Try it →
From the records that follow, return exactly the lines beginning at the one that contains "[Torque] -> Bus Creator/4" and ending at the one that contains "Constant17 : Constant", pictures left out.

Entries provided →

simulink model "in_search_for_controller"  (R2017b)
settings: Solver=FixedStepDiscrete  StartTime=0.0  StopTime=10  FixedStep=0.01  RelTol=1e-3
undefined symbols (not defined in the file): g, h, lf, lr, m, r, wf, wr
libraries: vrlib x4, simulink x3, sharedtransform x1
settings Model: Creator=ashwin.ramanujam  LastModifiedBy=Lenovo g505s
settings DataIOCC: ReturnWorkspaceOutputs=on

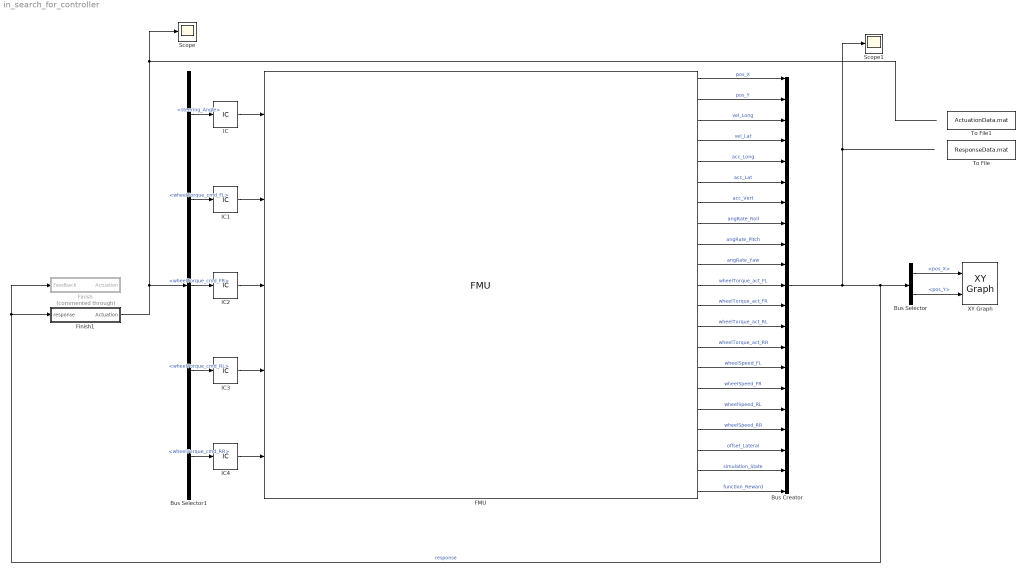
== system in_search_for_controller ==
  Bus Creator : BusCreator  Inputs=21  OutDataTypeStr=Bus: response
  Bus Selector : BusSelector  OutputSignals=pos_X,pos_Y
  Bus Selector1 : BusSelector  OutputSignals=steering_Angle,wheelTorque_cmd_FL,wheelTorque_cmd_FR,wheelTorque_cmd_RL,wheelTorque_cmd_RR
  FMU : FMU  FMUName=MED2018_VehicleModel.fmu  FMUDebugLogging=on  FMUMode=CoSimulation  FMUSampleTime=-1  mask(MED2018.VehicleModel [Co-Simulation, v2.0]){}
      mask Display:
      | if (exist([Simulink.fileGenControl('get','CacheFolder') '\slprj\_fmu\c29ffcaf52b39851ed42bd800156c3ac\MED2018_VehicleModel\model.png'],'file'))
      |     image([Simulink.fileGenControl('get','CacheFolder') '\slprj\_fmu\c29ffcaf52b39851ed42bd800156c3ac\MED2018_VehicleModel\model.png']);
      |     text(0.03, 0.97, 'MED2018.VehicleModel', 'horizontalAlignment', 'left', 'verticalAlignment', 'top');
      | else
      |     disp('MED2018.VehicleModel');
      | end
      | port_label('output',1,'pos_X');
      | port_label('output',2,'pos_Y');
      | port_label('output',3,'vel_Long');
      | port_label('output',4,'vel_Lat');
      | port_label('output',5,'acc_Long');
      | port_label('output',6,'acc_Lat');
      | port_label('output',7,'acc_Vert');
      | port_label('output',8,'angRate_Roll');
      | port_label('output',9,'angRate_Pitch');
      | port_label('output',10,'angRate_Yaw');
      | port_label('output',11,'wheellTorque_act_FL');
      | port_label('output',12,'wheelTorque_act_FR');
      | port_label('output',13,'wheelTorque_act_RL');
      | port_label('output',14,'wheelTorque_act_RR');
      | port_label('output',15,'wheelSpeed_FL');
      | port_label('output',16,'wheelSpeed_FR');
      | port_label('output',17,'wheelSpeed_RL');
      | port_label('output',18,'wheelSpeed_RR');
      | port_label('output',19,'offset_Lateral');
      | port_label('output',20,'simulation_State');
      | port_label('output',21,'function_Reward');
      | port_label('input',1,'steering_Angle');
      | port_label('input',2,'wheelTorque_cmd_FL');
      | port_label('input',3,'wheelTorque_cmd_FR');
      | port_label('input',4,'wheelTorque_cmd_RL');
      | port_label('input',5,'wheelTorque_cmd_RR');
  Finish : Subsystem  Commented=through
  Finish1 : Subsystem
  IC{,1..4} (5 alike) : InitialCondition  Value=0
  Scope : Scope
  Scope1 : Scope
  To File : ToFile  Filename=ResponseData.mat  SaveFormat=Timeseries
  To File1 : ToFile  Filename=ActuationData.mat  SaveFormat=Timeseries
  XY Graph : simulink/Sinks/XY Graph  xmin=-10  xmax=160  ymin=-80  ymax=80  st=-1
  wires:
  Bus Selector1/1 -> IC/1  "<steering_Angle>"
  Bus Selector1/2 -> IC1/1  "<wheelTorque_cmd_FL>"
  Bus Selector1/3 -> IC2/1  "<wheelTorque_cmd_FR>"
  Bus Selector1/4 -> IC3/1  "<wheelTorque_cmd_RL>"
  Bus Selector1/5 -> IC4/1  "<wheelTorque_cmd_RR>"
  FMU/1 -> Bus Creator/1  "pos_X"
  FMU/2 -> Bus Creator/2  "pos_Y"
  FMU/3 -> Bus Creator/3  "vel_Long"
  FMU/4 -> Bus Creator/4  "vel_Lat"
  FMU/5 -> Bus Creator/5  "acc_Long"
  FMU/6 -> Bus Creator/6  "acc_Lat"
  FMU/7 -> Bus Creator/7  "acc_Vert"
  FMU/8 -> Bus Creator/8  "angRate_Roll"
  FMU/9 -> Bus Creator/9  "angRate_Pitch"
  FMU/10 -> Bus Creator/10  "angRate_Yaw"
  FMU/11 -> Bus Creator/11  "wheelTorque_act_FL"
  FMU/12 -> Bus Creator/12  "wheelTorque_act_FR"
  FMU/13 -> Bus Creator/13  "wheelTorque_act_RL"
  FMU/14 -> Bus Creator/14  "wheelTorque_act_RR"
  FMU/15 -> Bus Creator/15  "wheelSpeed_FL"
  FMU/16 -> Bus Creator/16  "wheelSpeed_FR"
  FMU/17 -> Bus Creator/17  "wheelSpeed_RL"
  FMU/18 -> Bus Creator/18  "wheelSpeed_RR"
  FMU/19 -> Bus Creator/19  "offset_Lateral"
  FMU/20 -> Bus Creator/20  "simulation_State"
  FMU/21 -> Bus Creator/21  "function_Reward"
  Bus Selector/1 -> XY Graph/1  "<pos_X>"
  Bus Selector/2 -> XY Graph/2  "<pos_Y>"
  Bus Creator/1 -> Scope1/1, Finish1/1(response), Finish/1(Feedback), Bus Selector/1  "response"
  Finish1/1(Actuation) -> Bus Selector1/1, Scope/1
  IC/1 -> FMU/1
  IC1/1 -> FMU/2
  IC2/1 -> FMU/3
  IC3/1 -> FMU/4
  IC4/1 -> FMU/5

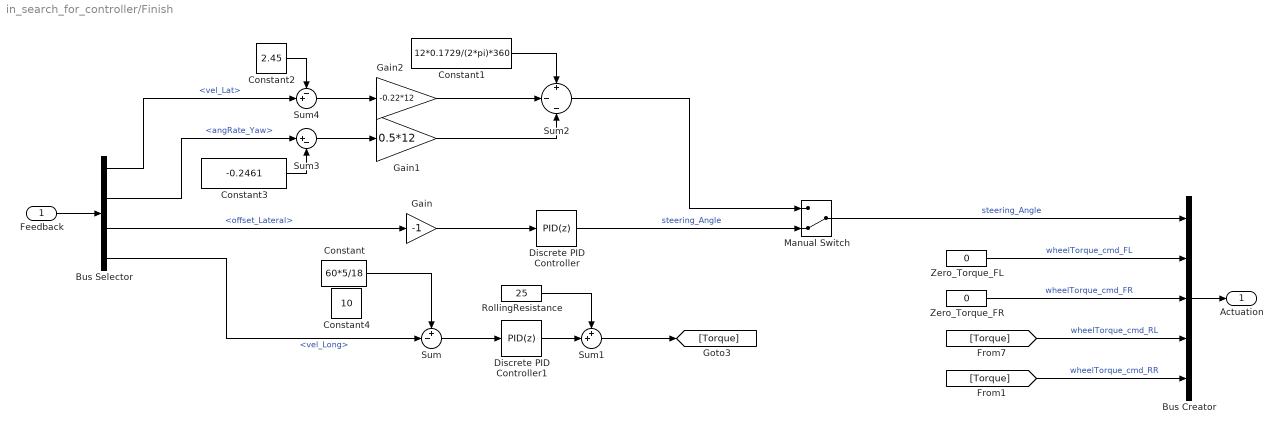
== system in_search_for_controller/Finish ==
  Feedback : Inport
  Bus Creator : BusCreator  Inputs=5
  Bus Selector : BusSelector  OutputSignals=vel_Lat,angRate_Yaw,offset_Lateral,vel_Long
  Constant : Constant  Value=60*5/18
  Constant1 : Constant  Value=12*0.1729/(2*pi)*360
  Constant2 : Constant  Value=2.45
  Constant3 : Constant  Value=-0.2461
  Constant4 : Constant  Value=10
  Discrete PID Controller : simulink/Continuous/PID Controller  Controller=PID  TimeDomain=Discrete-time  SampleTime=-1  IntegratorMethod=Forward Euler  FilterMethod=Forward Euler  Form=Parallel  UseFilter=off  ControllerParametersSource=internal  P=1  I=0  D=1  N=100  InitialConditionSource=internal  InitialConditionForIntegrator=0  InitialConditionForFilter=0  ExternalReset=none  LimitOutput=off  UpperSaturationLimit=inf  LowerSaturationLimit=-inf  LinearizeAsGain=off  AntiWindupMode=none  Kb=1  TrackingMode=off  Kt=1  PParamMin=[]  PParamMax=[]  IParamMin=[]  IParamMax=[]  DParamMin=[]  DParamMax=[]  NParamMin=[]  NParamMax=[]  KbParamMin=[]  KbParamMax=[]  KtParamMin=[]  KtParamMax=[]  POutMin=[]  POutMax=[]  IOutMin=[]  IOutMax=[]  DOutMin=[]  DOutMax=[]  NOutMin=[]  NOutMax=[]  KbOutMin=[]  KbOutMax=[]  KtOutMin=[]  KtOutMax=[]  IntegratorOutMin=[]  IntegratorOutMax=[]  FilterOutMin=[]  FilterOutMax=[]  SumOutMin=[]  SumOutMax=[]  SumI1OutMin=[]  SumI1OutMax=[]  SumI2OutMin=[]  SumI2OutMax=[]  SumI3OutMin=[]  SumI3OutMax=[]  SumDOutMin=[]  SumDOutMax=[]  SaturationOutMin=[]  SaturationOutMax=[]  IntegratorContinuousStateAttributes=''  IntegratorStateMustResolveToSignalObject=off  IntegratorRTWStateStorageClass=Auto  FilterContinuousStateAttributes=''  FilterStateMustResolveToSignalObject=off  FilterRTWStateStorageClass=Auto  DifferentiatorICPrevScaledInput=0  DifferentiatorOutMin=[]  DifferentiatorOutMax=[]  InitialConditionSetting=State (most efficient)  FilterDiffOutCoefMin=[]  FilterDiffOutCoefMax=[]  SumDenOutMin=[]  SumDenOutMax=[]  SumNumOutMin=[]  SumNumOutMax=[]  ReciprocalOutMin=[]  ReciprocalOutMax=[]  DivideOutMin=[]  DivideOutMax=[]  TunerSelectOption=Transfer Function Based (PID Tuner App)
  Discrete PID Controller1 : simulink/Continuous/PID Controller  Controller=PID  TimeDomain=Discrete-time  SampleTime=-1  IntegratorMethod=Forward Euler  FilterMethod=Forward Euler  Form=Parallel  UseFilter=on  ControllerParametersSource=internal  P=100  I=0  D=0.1  N=100  InitialConditionSource=internal  InitialConditionForIntegrator=0  InitialConditionForFilter=0  ExternalReset=none  LimitOutput=off  UpperSaturationLimit=inf  LowerSaturationLimit=-inf  LinearizeAsGain=off  AntiWindupMode=none  Kb=1  TrackingMode=off  Kt=1  PParamMin=[]  PParamMax=[]  IParamMin=[]  IParamMax=[]  DParamMin=[]  DParamMax=[]  NParamMin=[]  NParamMax=[]  KbParamMin=[]  KbParamMax=[]  KtParamMin=[]  KtParamMax=[]  POutMin=[]  POutMax=[]  IOutMin=[]  IOutMax=[]  DOutMin=[]  DOutMax=[]  NOutMin=[]  NOutMax=[]  KbOutMin=[]  KbOutMax=[]  KtOutMin=[]  KtOutMax=[]  IntegratorOutMin=[]  IntegratorOutMax=[]  FilterOutMin=[]  FilterOutMax=[]  SumOutMin=[]  SumOutMax=[]  SumI1OutMin=[]  SumI1OutMax=[]  SumI2OutMin=[]  SumI2OutMax=[]  SumI3OutMin=[]  SumI3OutMax=[]  SumDOutMin=[]  SumDOutMax=[]  SaturationOutMin=[]  SaturationOutMax=[]  IntegratorContinuousStateAttributes=''  IntegratorStateMustResolveToSignalObject=off  IntegratorRTWStateStorageClass=Auto  FilterContinuousStateAttributes=''  FilterStateMustResolveToSignalObject=off  FilterRTWStateStorageClass=Auto  DifferentiatorICPrevScaledInput=0  DifferentiatorOutMin=[]  DifferentiatorOutMax=[]  InitialConditionSetting=State (most efficient)  FilterDiffOutCoefMin=[]  FilterDiffOutCoefMax=[]  SumDenOutMin=[]  SumDenOutMax=[]  SumNumOutMin=[]  SumNumOutMax=[]  ReciprocalOutMin=[]  ReciprocalOutMax=[]  DivideOutMin=[]  DivideOutMax=[]  TunerSelectOption=Transfer Function Based (PID Tuner App)
  Gain : Gain  Gain=-1
  Gain1 : Gain  Gain=0.5*12
  Gain2 : Gain  Gain=-0.22*12
  Manual Switch : ManualSwitch  CurrentSetting=0
  RollingResistance : Constant  Value=25
  Sum : Sum  Inputs=+-|
  Sum1 : Sum  Inputs=++|
  Sum2 : Sum  Inputs=+|-|-
  Sum3 : Sum  Inputs=|+-
  Sum4 : Sum  Inputs=-+|
  Zero_Torque_FL : Constant  Value=0
  Zero_Torque_FR : Constant  Value=0
  Actuation : Outport
  wires:
  Bus Creator/1 -> Actuation/1
  Gain/1 -> Discrete PID Controller/1
  Sum/1 -> Discrete PID Controller1/1
  Feedback/1 -> Bus Selector/1
  Sum1/1 -> [Torque]
  Bus Selector/4 -> Sum/2  "<vel_Long>"
  Bus Selector/3 -> Gain/1  "<offset_Lateral>"
  Manual Switch/1 -> Bus Creator/1  "steering_Angle"
  Discrete PID Controller1/1 -> Sum1/2
  RollingResistance/1 -> Sum1/1
  Zero_Torque_FL/1 -> Bus Creator/2  "wheelTorque_cmd_FL"
  [Torque] -> Bus Creator/4  "wheelTorque_cmd_RL"
  Zero_Torque_FR/1 -> Bus Creator/3  "wheelTorque_cmd_FR"
  [Torque] -> Bus Creator/5  "wheelTorque_cmd_RR"
  Gain1/1 -> Sum2/3
  Gain2/1 -> Sum2/2
  Constant1/1 -> Sum2/1
  Sum4/1 -> Gain2/1
  Sum3/1 -> Gain1/1
  Constant2/1 -> Sum4/1
  Constant3/1 -> Sum3/2
  Bus Selector/2 -> Sum3/1  "<angRate_Yaw>"
  Bus Selector/1 -> Sum4/2  "<vel_Lat>"
  Discrete PID Controller/1 -> Manual Switch/2  "steering_Angle"
  Constant/1 -> Sum/1
  Sum2/1 -> Manual Switch/1

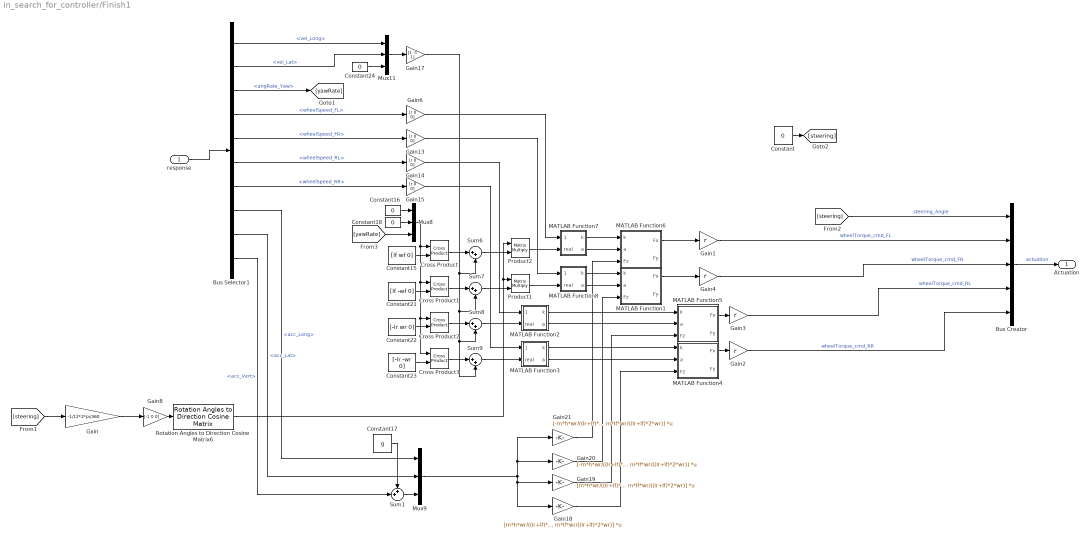
== system in_search_for_controller/Finish1 ==
  response : Inport
  Bus Creator : BusCreator  Inputs=5  OutDataTypeStr=Bus: actuation
  Bus Selector1 : BusSelector  OutputSignals=vel_Long,vel_Lat,angRate_Yaw,wheelSpeed_FL,wheelSpeed_FR,wheelSpeed_RL,wheelSpeed_RR,acc_Long,acc_Lat,acc_Vert
  Constant{,16,18,24} (4 alike) : Constant  Value=0
  Constant15 : Constant  Value=[lf wf 0]
  Constant17 : Constant  Value=g
  Constant21 : Constant  Value=[lf -wf 0]
  Constant22 : Constant  Value=[-lr wr 0]
  Constant23 : Constant  Value=[-lr -wr 0]
  Cross Product{,1..3} (4 alike) : vrlib/Utilities/Cross Product
      settings: SourceProductBaseCode=VR
  Gain : Gain  Gain=-1/12*2*pi/360
  Gain{1..4} (4 alike) : Gain  Gain=r
  Gain{6,13..15} (4 alike) : Gain  Gain=[r 0 0]
  Gain17 : Gain  Gain=[1 -1 1]
  Gain18 : Gain  Gain=[m*h*wr/((lr+lf)*2*wr) m*h*lf/((lr+lf)*2*wr) m*lf*wr/((lr+lf)*2*wr)]  Multiplication=Matrix(K*u)
  Gain19 : Gain  Gain=[m*h*wr/((lr+lf)*2*wr) -m*h*lf/((lr+lf)*2*wr) m*lf*wr/((lr+lf)*2*wr)]  Multiplication=Matrix(K*u)
  Gain20 : Gain  Gain=[-m*h*wr/((lr+lf)*2*wr) m*h*lf/((lr+lf)*2*wr) m*lf*wr/((lr+lf)*2*wr)]  Multiplication=Matrix(K*u)
  Gain21 : Gain  Gain=[-m*h*wr/((lr+lf)*2*wr) -m*h*lf/((lr+lf)*2*wr) m*lf*wr/((lr+lf)*2*wr)]  Multiplication=Matrix(K*u)
  Gain8 : Gain  Gain=[-1 0 0]
  MATLAB Function1 : MATLAB Function  TreatAsAtomicUnit=on
  MATLAB Function2 : MATLAB Function  TreatAsAtomicUnit=on
  MATLAB Function3 : MATLAB Function  TreatAsAtomicUnit=on
  MATLAB Function4 : MATLAB Function  TreatAsAtomicUnit=on
  MATLAB Function5 : MATLAB Function  TreatAsAtomicUnit=on
  MATLAB Function6 : MATLAB Function  TreatAsAtomicUnit=on
  MATLAB Function7 : MATLAB Function  TreatAsAtomicUnit=on
  MATLAB Function8 : MATLAB Function  TreatAsAtomicUnit=on
  Mux11 : Mux  Inputs=3
  Mux8 : Mux  Inputs=3
  Mux9 : Mux  Inputs=3
  Product1 : Product  Multiplication=Matrix(*)
  Product2 : Product  Multiplication=Matrix(*)
  Rotation Angles to Direction Cosine Matrix6 : sharedtransform/Rotation Angles to Direction Cosine Matrix  rotationOrder=ZYX
      settings: SourceProductBaseCode=AE
  Sum1 : Sum  Inputs=++|
  Sum{6..9} (4 alike) : Sum  Inputs=|++
  Actuation : Outport
  wires:
  Bus Creator/1 -> Actuation/1  "actuation"
  [steering] -> Bus Creator/1  "steering_Angle"
  Gain1/1 -> Bus Creator/2  "wheelTorque_cmd_FL"
  Gain3/1 -> Bus Creator/4  "wheelTorque_cmd_RL"
  Gain4/1 -> Bus Creator/3  "wheelTorque_cmd_FR"
  Gain2/1 -> Bus Creator/5  "wheelTorque_cmd_RR"
  Mux11/1 -> Gain17/1
  Constant15/1 -> Cross Product/2
  Gain13/1 -> MATLAB Function8/1(requ)
  Sum9/1 -> MATLAB Function3/2(real)
  MATLAB Function8/1(k) -> MATLAB Function1/1(k)
  Product2/1 -> MATLAB Function7/2(real)
  Gain14/1 -> MATLAB Function2/1(requ)
  Cross Product2/1 -> Sum8/1
  Gain6/1 -> MATLAB Function7/1(requ)
  Bus Selector1/8 -> Mux9/1  "<acc_Long>"
  Sum6/1 -> Product2/2
  Sum8/1 -> MATLAB Function2/2(real)
  Sum7/1 -> Product1/2
  Gain18/1 -> MATLAB Function4/3(Fz)
  Cross Product/1 -> Sum6/1
  MATLAB Function2/2(a) -> MATLAB Function5/2(a)
  MATLAB Function3/1(k) -> MATLAB Function4/1(k)
  MATLAB Function3/2(a) -> MATLAB Function4/2(a)
  Gain17/1 -> Sum9/2, Sum8/2, Sum7/2, Sum6/2
  Gain19/1 -> MATLAB Function5/3(Fz)
  Rotation Angles to Direction Cosine Matrix6/1 -> Product2/1, Product1/1
  MATLAB Function2/1(k) -> MATLAB Function5/1(k)
  Gain/1 -> Gain8/1
  Constant21/1 -> Cross Product1/2
  Constant23/1 -> Cross Product3/2
  MATLAB Function7/2(a) -> MATLAB Function6/2(a)
  Gain8/1 -> Rotation Angles to Direction Cosine Matrix6/1
  [yawRate] -> Mux8/3
  Gain15/1 -> MATLAB Function3/1(requ)
  Bus Selector1/7 -> Gain15/1  "<wheelSpeed_RR>"
  Gain20/1 -> MATLAB Function1/3(Fz)
  Product1/1 -> MATLAB Function8/2(real)
  Bus Selector1/10 -> Sum1/2  "<acc_Vert>"
  Cross Product1/1 -> Sum7/1
  Mux8/1 -> Cross Product/1, Cross Product2/1, Cross Product3/1, Cross Product1/1
  MATLAB Function8/2(a) -> MATLAB Function1/2(a)
  Cross Product3/1 -> Sum9/1
  Constant16/1 -> Mux8/1
  MATLAB Function7/1(k) -> MATLAB Function6/1(k)
  Bus Selector1/4 -> Gain6/1  "<wheelSpeed_FL>"
  Constant22/1 -> Cross Product2/2
  Mux9/1 -> Gain18/1, Gain19/1, Gain21/1, Gain20/1
  Bus Selector1/6 -> Gain14/1  "<wheelSpeed_RL>"
  Constant17/1 -> Sum1/1
  Constant24/1 -> Mux11/3
  Constant18/1 -> Mux8/2
  Bus Selector1/3 -> [yawRate]  "<angRate_Yaw>"
  Sum1/1 -> Mux9/3
  Bus Selector1/2 -> Mux11/2  "<vel_Lat>"
  response/1 -> Bus Selector1/1
  Gain21/1 -> MATLAB Function6/3(Fz)
  Bus Selector1/9 -> Mux9/2  "<acc_Lat>"
  Bus Selector1/1 -> Mux11/1  "<vel_Long>"
  Bus Selector1/5 -> Gain13/1  "<wheelSpeed_FR>"
  [steering] -> Gain/1
  Constant/1 -> [steering]
  MATLAB Function6/1(Fx) -> Gain1/1
  MATLAB Function5/1(Fx) -> Gain3/1
  MATLAB Function4/1(Fx) -> Gain2/1
  MATLAB Function1/1(Fx) -> Gain4/1

== matlab function in_search_for_controller/Finish1/MATLAB Function1 ==
  data: k input; Fx output; a input; Fz input; Fy output
function [Fx, Fy] = F_x(k, a, Fz)
a=-a;
Fz0 = 3124;
PCX1=1.63;
PDX1=1.06;
PDX2=-0.0492;
PEX1=0.5;
PEX2=-0.11;
PEX3=-0.06;
PEX4=0;
PKX1=19.7;
PKX2=-0.15;
PKX3=0.18;
PHX1=-0.0005;
PHX2=8.5e-5;
PVX1=0;
PVX2=0;
RBX1=9.0;
RBX2=-8.6;
RCX1=1.131;
REX1=0.081;
REX2=-0.15;
RHX1=-0.029;
PCY1=1.28;
PDY1=-0.92;
PDY2=0.22;
PEY1=-1.1;
PEY2=0.65;
PEY3=-0.65;
PKY1=-13.06;
PKY2=1.77;
PHY1=0.0034;
PHY2=-0.003;
PVY1=0.044;
PVY2=-0.030;
RBY1=6.4;
RBY2=7.91;
RBY3=-0.059;
RCY1=1.16;
REY1=0.22;
REY2=0.43;
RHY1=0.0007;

Answer space →
  [Torque] -> Bus Creator/4  "wheelTorque_cmd_RL"
  Zero_Torque_FR/1 -> Bus Creator/3  "wheelTorque_cmd_FR"
  [Torque] -> Bus Creator/5  "wheelTorque_cmd_RR"
  Gain1/1 -> Sum2/3
  Gain2/1 -> Sum2/2
  Constant1/1 -> Sum2/1
  Sum4/1 -> Gain2/1
  Sum3/1 -> Gain1/1
  Constant2/1 -> Sum4/1
  Constant3/1 -> Sum3/2
  Bus Selector/2 -> Sum3/1  "<angRate_Yaw>"
  Bus Selector/1 -> Sum4/2  "<vel_Lat>"
  Discrete PID Controller/1 -> Manual Switch/2  "steering_Angle"
  Constant/1 -> Sum/1
  Sum2/1 -> Manual Switch/1

== system in_search_for_controller/Finish1 ==
  response : Inport
  Bus Creator : BusCreator  Inputs=5  OutDataTypeStr=Bus: actuation
  Bus Selector1 : BusSelector  OutputSignals=vel_Long,vel_Lat,angRate_Yaw,wheelSpeed_FL,wheelSpeed_FR,wheelSpeed_RL,wheelSpeed_RR,acc_Long,acc_Lat,acc_Vert
  Constant{,16,18,24} (4 alike) : Constant  Value=0
  Constant15 : Constant  Value=[lf wf 0]
  Constant17 : Constant  Value=g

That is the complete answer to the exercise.